Gene expression fingerprinting for human hereditary hemorrhagic telangiectasia.

Author information

  • 1Centro de Investigaciones Biológicas, CSIC, Madrid, Spain, 2 Center for Biomedical Research on Rare Diseases (CIBERER), Madrid, Spain.

Erratum in

  • Hum Mol Genet. 2007 Nov 1;16(21):2649. Fernandez-Lopez, Africa [corrected to Fernandez-L, Africa].

Abstract

Hereditary hemorrhagic telangiectasia (HHT) or Osler-Weber-Rendu syndrome is an autosomal dominant vascular disorder characterized by telangiectases and internal arteriovenous malformations. It is caused by mutations in elements of the transforming growth factor-beta (TGF-beta) receptor complex: endoglin, a co-receptor, responsible for HHT1, or ALK1 (activin receptor-like kinase 1), a type I receptor leading to HHT2. Recently, we have established cultures of HHT endothelial cells, primary targets of the disease. These cells showed deficient TGF-beta signaling and angiogenesis, representing a useful human model to study the molecular mechanism of this disease. To understand the pathogenic mechanism underlying HHT, we have used total RNA probes to compare HHT versus non-HHT cells by expression microarrays.
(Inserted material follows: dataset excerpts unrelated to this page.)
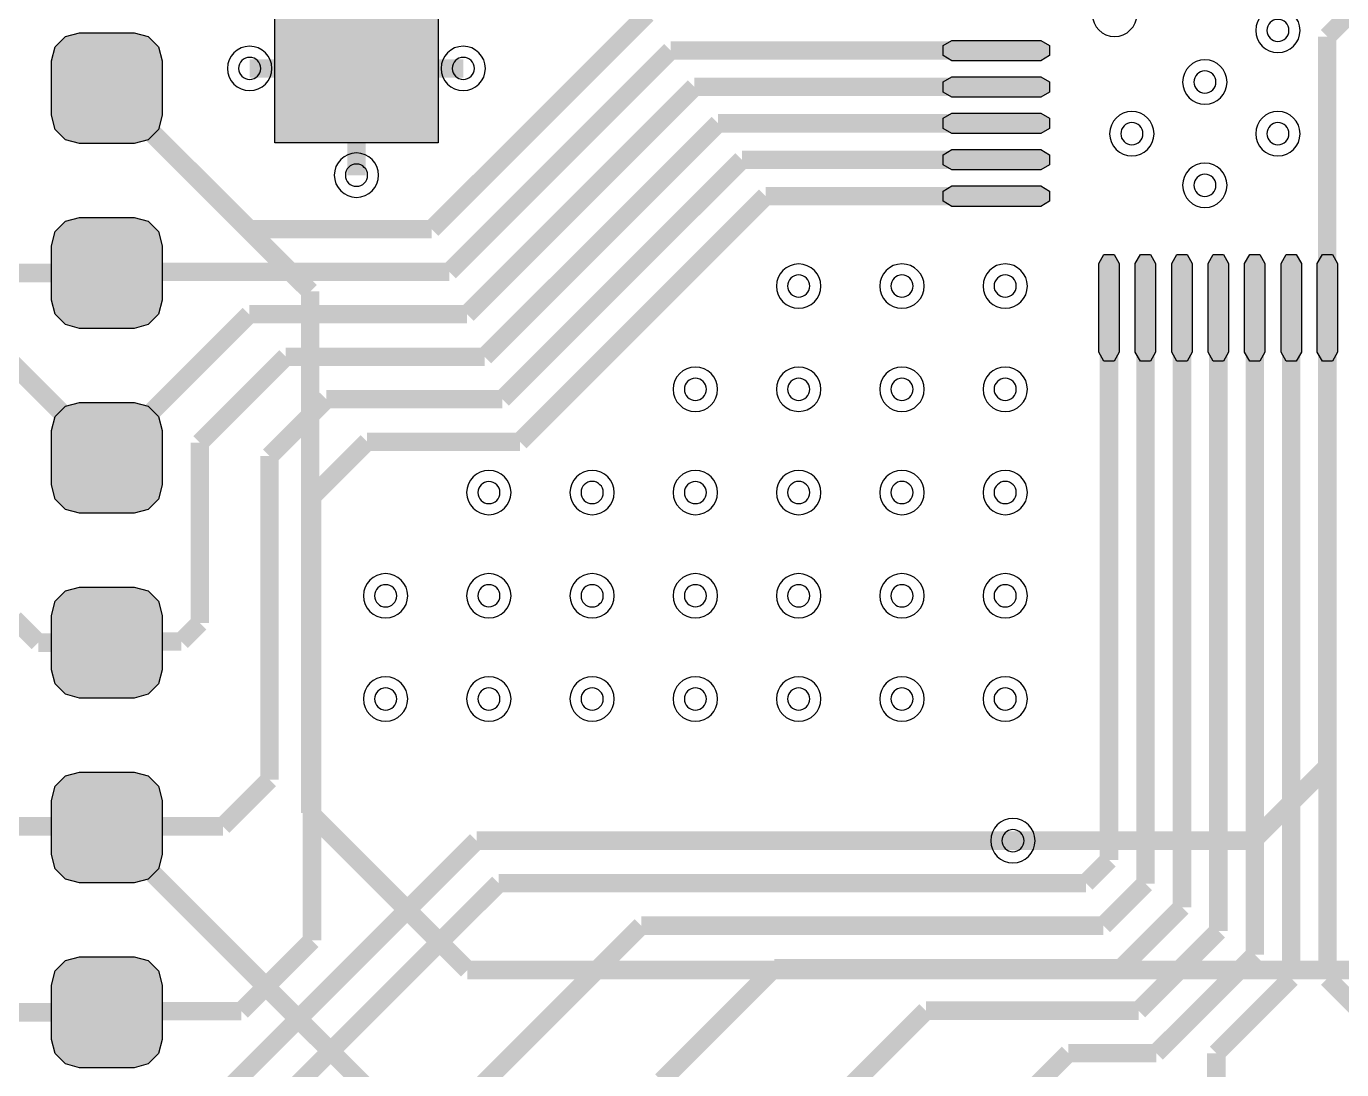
# Model space of a CAD drawing. Header units: millimetres. Extents: x -2 to 166, y 0 to 101.
# Drawn here: x 92.75 to 110.82, y 35.71 to 50.05 of the extents above; entities that cross this region are included whole.
import ezdxf

# ---------------------------------------------------------------- set-up
doc = ezdxf.new("R2010")
doc.units = ezdxf.units.MM
doc.header["$MEASUREMENT"] = 0
for name, color, linetype, true_color in [('Bottom-Layer', 7, 'Continuous', 0x0000ff), ('Hole-Layer', 7, 'Continuous', 0x222222), ('Multi-Layer', 7, 'Continuous', 0xc0c0c0), ('Top-Layer', 7, 'Continuous', 0xff0000)]:
    doc.layers.add(name, color=color, linetype=linetype, true_color=true_color)

msp = doc.modelspace()

# ---------------------------------------------------------------- hatches: boundary and pattern name
at = {"layer": 'Bottom-Layer'}
for points in [[(93.48, 49.964), (94.227, 49.964), (94.421, 49.912), (94.563, 49.77), (94.615, 49.576), (94.615, 48.829), (94.563, 48.634), (94.421, 48.492), (94.227, 48.44), (93.48, 48.44), (93.285, 48.492), (93.143, 48.634), (93.091, 48.829), (93.091, 49.576), (93.143, 49.77), (93.285, 49.912)], [(93.48, 47.424), (94.227, 47.424), (94.421, 47.372), (94.563, 47.23), (94.615, 47.036), (94.615, 46.289), (94.563, 46.094), (94.421, 45.952), (94.227, 45.9), (93.48, 45.9), (93.285, 45.952), (93.143, 46.094), (93.091, 46.289), (93.091, 47.036), (93.143, 47.23), (93.285, 47.372)], [(93.48, 44.884), (94.227, 44.884), (94.421, 44.832), (94.563, 44.69), (94.615, 44.496), (94.615, 43.749), (94.563, 43.554), (94.421, 43.412), (94.227, 43.36), (93.48, 43.36), (93.285, 43.412), (93.143, 43.554), (93.091, 43.749), (93.091, 44.496), (93.143, 44.69), (93.285, 44.832)], [(93.48, 42.344), (94.227, 42.344), (94.421, 42.292), (94.563, 42.15), (94.615, 41.955), (94.615, 41.209), (94.563, 41.014), (94.421, 40.872), (94.227, 40.82), (93.48, 40.82), (93.285, 40.872), (93.143, 41.014), (93.091, 41.209), (93.091, 41.955), (93.143, 42.15), (93.285, 42.292)], [(93.48, 39.804), (94.227, 39.804), (94.421, 39.752), (94.563, 39.61), (94.615, 39.415), (94.615, 38.669), (94.563, 38.474), (94.421, 38.332), (94.227, 38.28), (93.48, 38.28), (93.285, 38.332), (93.143, 38.474), (93.091, 38.669), (93.091, 39.415), (93.143, 39.61), (93.285, 39.752)], [(93.48, 37.264), (94.227, 37.264), (94.421, 37.212), (94.563, 37.07), (94.615, 36.875), (94.615, 36.129), (94.563, 35.934), (94.421, 35.792), (94.227, 35.74), (93.48, 35.74), (93.285, 35.792), (93.143, 35.934), (93.091, 36.129), (93.091, 36.875), (93.143, 37.07), (93.285, 37.212)]]:
    msp.add_hatch(color=256, dxfattribs=at).paths.add_polyline_path(points)
at = {"layer": 'Hole-Layer'}
for points in [[(93.328, 49.202, 1), (94.378, 49.202, 1)], [(93.328, 49.202, 1), (94.378, 49.202, 1)], [(93.328, 46.662, 1), (94.378, 46.662, 1)], [(93.328, 46.662, 1), (94.378, 46.662, 1)], [(93.328, 44.122, 1), (94.378, 44.122, 1)], [(93.328, 44.122, 1), (94.378, 44.122, 1)], [(93.328, 41.582, 1), (94.378, 41.582, 1)], [(93.328, 41.582, 1), (94.378, 41.582, 1)], [(93.328, 39.042, 1), (94.378, 39.042, 1)], [(93.328, 39.042, 1), (94.378, 39.042, 1)], [(93.328, 36.502, 1), (94.378, 36.502, 1)], [(93.328, 36.502, 1), (94.378, 36.502, 1)]]:
    msp.add_hatch(color=256, dxfattribs=at).paths.add_polyline_path(points)
at = {"layer": 'Multi-Layer'}
for points in [[(93.48, 49.964), (94.227, 49.964), (94.421, 49.912), (94.563, 49.77), (94.615, 49.576), (94.615, 48.829), (94.563, 48.634), (94.421, 48.492), (94.227, 48.44), (93.48, 48.44), (93.285, 48.492), (93.143, 48.634), (93.091, 48.829), (93.091, 49.576), (93.143, 49.77), (93.285, 49.912)], [(93.48, 49.964), (94.227, 49.964), (94.421, 49.912), (94.563, 49.77), (94.615, 49.576), (94.615, 48.829), (94.563, 48.634), (94.421, 48.492), (94.227, 48.44), (93.48, 48.44), (93.285, 48.492), (93.143, 48.634), (93.091, 48.829), (93.091, 49.576), (93.143, 49.77), (93.285, 49.912)], [(93.48, 49.964), (94.227, 49.964), (94.421, 49.912), (94.563, 49.77), (94.615, 49.576), (94.615, 48.829), (94.563, 48.634), (94.421, 48.492), (94.227, 48.44), (93.48, 48.44), (93.285, 48.492), (93.143, 48.634), (93.091, 48.829), (93.091, 49.576), (93.143, 49.77), (93.285, 49.912)], [(93.48, 47.424), (94.227, 47.424), (94.421, 47.372), (94.563, 47.23), (94.615, 47.036), (94.615, 46.289), (94.563, 46.094), (94.421, 45.952), (94.227, 45.9), (93.48, 45.9), (93.285, 45.952), (93.143, 46.094), (93.091, 46.289), (93.091, 47.036), (93.143, 47.23), (93.285, 47.372)], [(93.48, 47.424), (94.227, 47.424), (94.421, 47.372), (94.563, 47.23), (94.615, 47.036), (94.615, 46.289), (94.563, 46.094), (94.421, 45.952), (94.227, 45.9), (93.48, 45.9), (93.285, 45.952), (93.143, 46.094), (93.091, 46.289), (93.091, 47.036), (93.143, 47.23), (93.285, 47.372)], [(93.48, 47.424), (94.227, 47.424), (94.421, 47.372), (94.563, 47.23), (94.615, 47.036), (94.615, 46.289), (94.563, 46.094), (94.421, 45.952), (94.227, 45.9), (93.48, 45.9), (93.285, 45.952), (93.143, 46.094), (93.091, 46.289), (93.091, 47.036), (93.143, 47.23), (93.285, 47.372)], [(93.48, 44.884), (94.227, 44.884), (94.421, 44.832), (94.563, 44.69), (94.615, 44.496), (94.615, 43.749), (94.563, 43.554), (94.421, 43.412), (94.227, 43.36), (93.48, 43.36), (93.285, 43.412), (93.143, 43.554), (93.091, 43.749), (93.091, 44.496), (93.143, 44.69), (93.285, 44.832)], [(93.48, 44.884), (94.227, 44.884), (94.421, 44.832), (94.563, 44.69), (94.615, 44.496), (94.615, 43.749), (94.563, 43.554), (94.421, 43.412), (94.227, 43.36), (93.48, 43.36), (93.285, 43.412), (93.143, 43.554), (93.091, 43.749), (93.091, 44.496), (93.143, 44.69), (93.285, 44.832)], [(93.48, 44.884), (94.227, 44.884), (94.421, 44.832), (94.563, 44.69), (94.615, 44.496), (94.615, 43.749), (94.563, 43.554), (94.421, 43.412), (94.227, 43.36), (93.48, 43.36), (93.285, 43.412), (93.143, 43.554), (93.091, 43.749), (93.091, 44.496), (93.143, 44.69), (93.285, 44.832)], [(93.48, 42.344), (94.227, 42.344), (94.421, 42.292), (94.563, 42.15), (94.615, 41.955), (94.615, 41.209), (94.563, 41.014), (94.421, 40.872), (94.227, 40.82), (93.48, 40.82), (93.285, 40.872), (93.143, 41.014), (93.091, 41.209), (93.091, 41.955), (93.143, 42.15), (93.285, 42.292)], [(93.48, 42.344), (94.227, 42.344), (94.421, 42.292), (94.563, 42.15), (94.615, 41.955), (94.615, 41.209), (94.563, 41.014), (94.421, 40.872), (94.227, 40.82), (93.48, 40.82), (93.285, 40.872), (93.143, 41.014), (93.091, 41.209), (93.091, 41.955), (93.143, 42.15), (93.285, 42.292)], [(93.48, 42.344), (94.227, 42.344), (94.421, 42.292), (94.563, 42.15), (94.615, 41.955), (94.615, 41.209), (94.563, 41.014), (94.421, 40.872), (94.227, 40.82), (93.48, 40.82), (93.285, 40.872), (93.143, 41.014), (93.091, 41.209), (93.091, 41.955), (93.143, 42.15), (93.285, 42.292)], [(93.48, 39.804), (94.227, 39.804), (94.421, 39.752), (94.563, 39.61), (94.615, 39.415), (94.615, 38.669), (94.563, 38.474), (94.421, 38.332), (94.227, 38.28), (93.48, 38.28), (93.285, 38.332), (93.143, 38.474), (93.091, 38.669), (93.091, 39.415), (93.143, 39.61), (93.285, 39.752)], [(93.48, 39.804), (94.227, 39.804), (94.421, 39.752), (94.563, 39.61), (94.615, 39.415), (94.615, 38.669), (94.563, 38.474), (94.421, 38.332), (94.227, 38.28), (93.48, 38.28), (93.285, 38.332), (93.143, 38.474), (93.091, 38.669), (93.091, 39.415), (93.143, 39.61), (93.285, 39.752)], [(93.48, 39.804), (94.227, 39.804), (94.421, 39.752), (94.563, 39.61), (94.615, 39.415), (94.615, 38.669), (94.563, 38.474), (94.421, 38.332), (94.227, 38.28), (93.48, 38.28), (93.285, 38.332), (93.143, 38.474), (93.091, 38.669), (93.091, 39.415), (93.143, 39.61), (93.285, 39.752)], [(93.48, 37.264), (94.227, 37.264), (94.421, 37.212), (94.563, 37.07), (94.615, 36.875), (94.615, 36.129), (94.563, 35.934), (94.421, 35.792), (94.227, 35.74), (93.48, 35.74), (93.285, 35.792), (93.143, 35.934), (93.091, 36.129), (93.091, 36.875), (93.143, 37.07), (93.285, 37.212)], [(93.48, 37.264), (94.227, 37.264), (94.421, 37.212), (94.563, 37.07), (94.615, 36.875), (94.615, 36.129), (94.563, 35.934), (94.421, 35.792), (94.227, 35.74), (93.48, 35.74), (93.285, 35.792), (93.143, 35.934), (93.091, 36.129), (93.091, 36.875), (93.143, 37.07), (93.285, 37.212)], [(93.48, 37.264), (94.227, 37.264), (94.421, 37.212), (94.563, 37.07), (94.615, 36.875), (94.615, 36.129), (94.563, 35.934), (94.421, 35.792), (94.227, 35.74), (93.48, 35.74), (93.285, 35.792), (93.143, 35.934), (93.091, 36.129), (93.091, 36.875), (93.143, 37.07), (93.285, 37.212)]]:
    msp.add_hatch(color=256, dxfattribs=at).paths.add_polyline_path(points)
at = {"layer": 'Top-Layer'}
for points in [[(96.162, 50.497), (98.403, 50.497), (98.403, 48.449), (96.162, 48.449)], [(93.48, 49.964), (94.227, 49.964), (94.421, 49.912), (94.563, 49.77), (94.615, 49.576), (94.615, 48.829), (94.563, 48.634), (94.421, 48.492), (94.227, 48.44), (93.48, 48.44), (93.285, 48.492), (93.143, 48.634), (93.091, 48.829), (93.091, 49.576), (93.143, 49.77), (93.285, 49.912)], [(106.681, 49.859), (106.802, 49.789), (106.802, 49.649), (106.681, 49.579), (105.461, 49.579), (105.339, 49.649), (105.339, 49.789), (105.461, 49.859)], [(106.681, 49.359), (106.802, 49.289), (106.802, 49.149), (106.681, 49.079), (105.461, 49.079), (105.339, 49.149), (105.339, 49.289), (105.461, 49.359)], [(106.681, 48.859), (106.802, 48.789), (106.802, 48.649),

This work represents a systematic study to identify target genes affected in HHT cells. Given the similarity of symptoms in HHT1 and HHT2, special interest has been put on the identification of common targets for both HHT types. As a result, 277 downregulated and 63 upregulated genes were identified in HHT versus control cells. These genes are involved in biological processes relevant to the HHT pathology, such as angiogenesis, cytoskeleton, cell migration, proliferation and NO synthesis. The type of misregulated genes found in HHT endothelial cells lead us to propose a model of HHT pathogenesis, opening new perspectives to understand this disorder. Moreover, as the disease is originated by mutations in proteins of the TGF-beta receptor complex, these results may be useful to find out targets of the TGF-beta pathway in endothelium.

PMID:
17420163
DOI:
10.1093/hmg/ddm069
[PubMed - indexed for MEDLINE]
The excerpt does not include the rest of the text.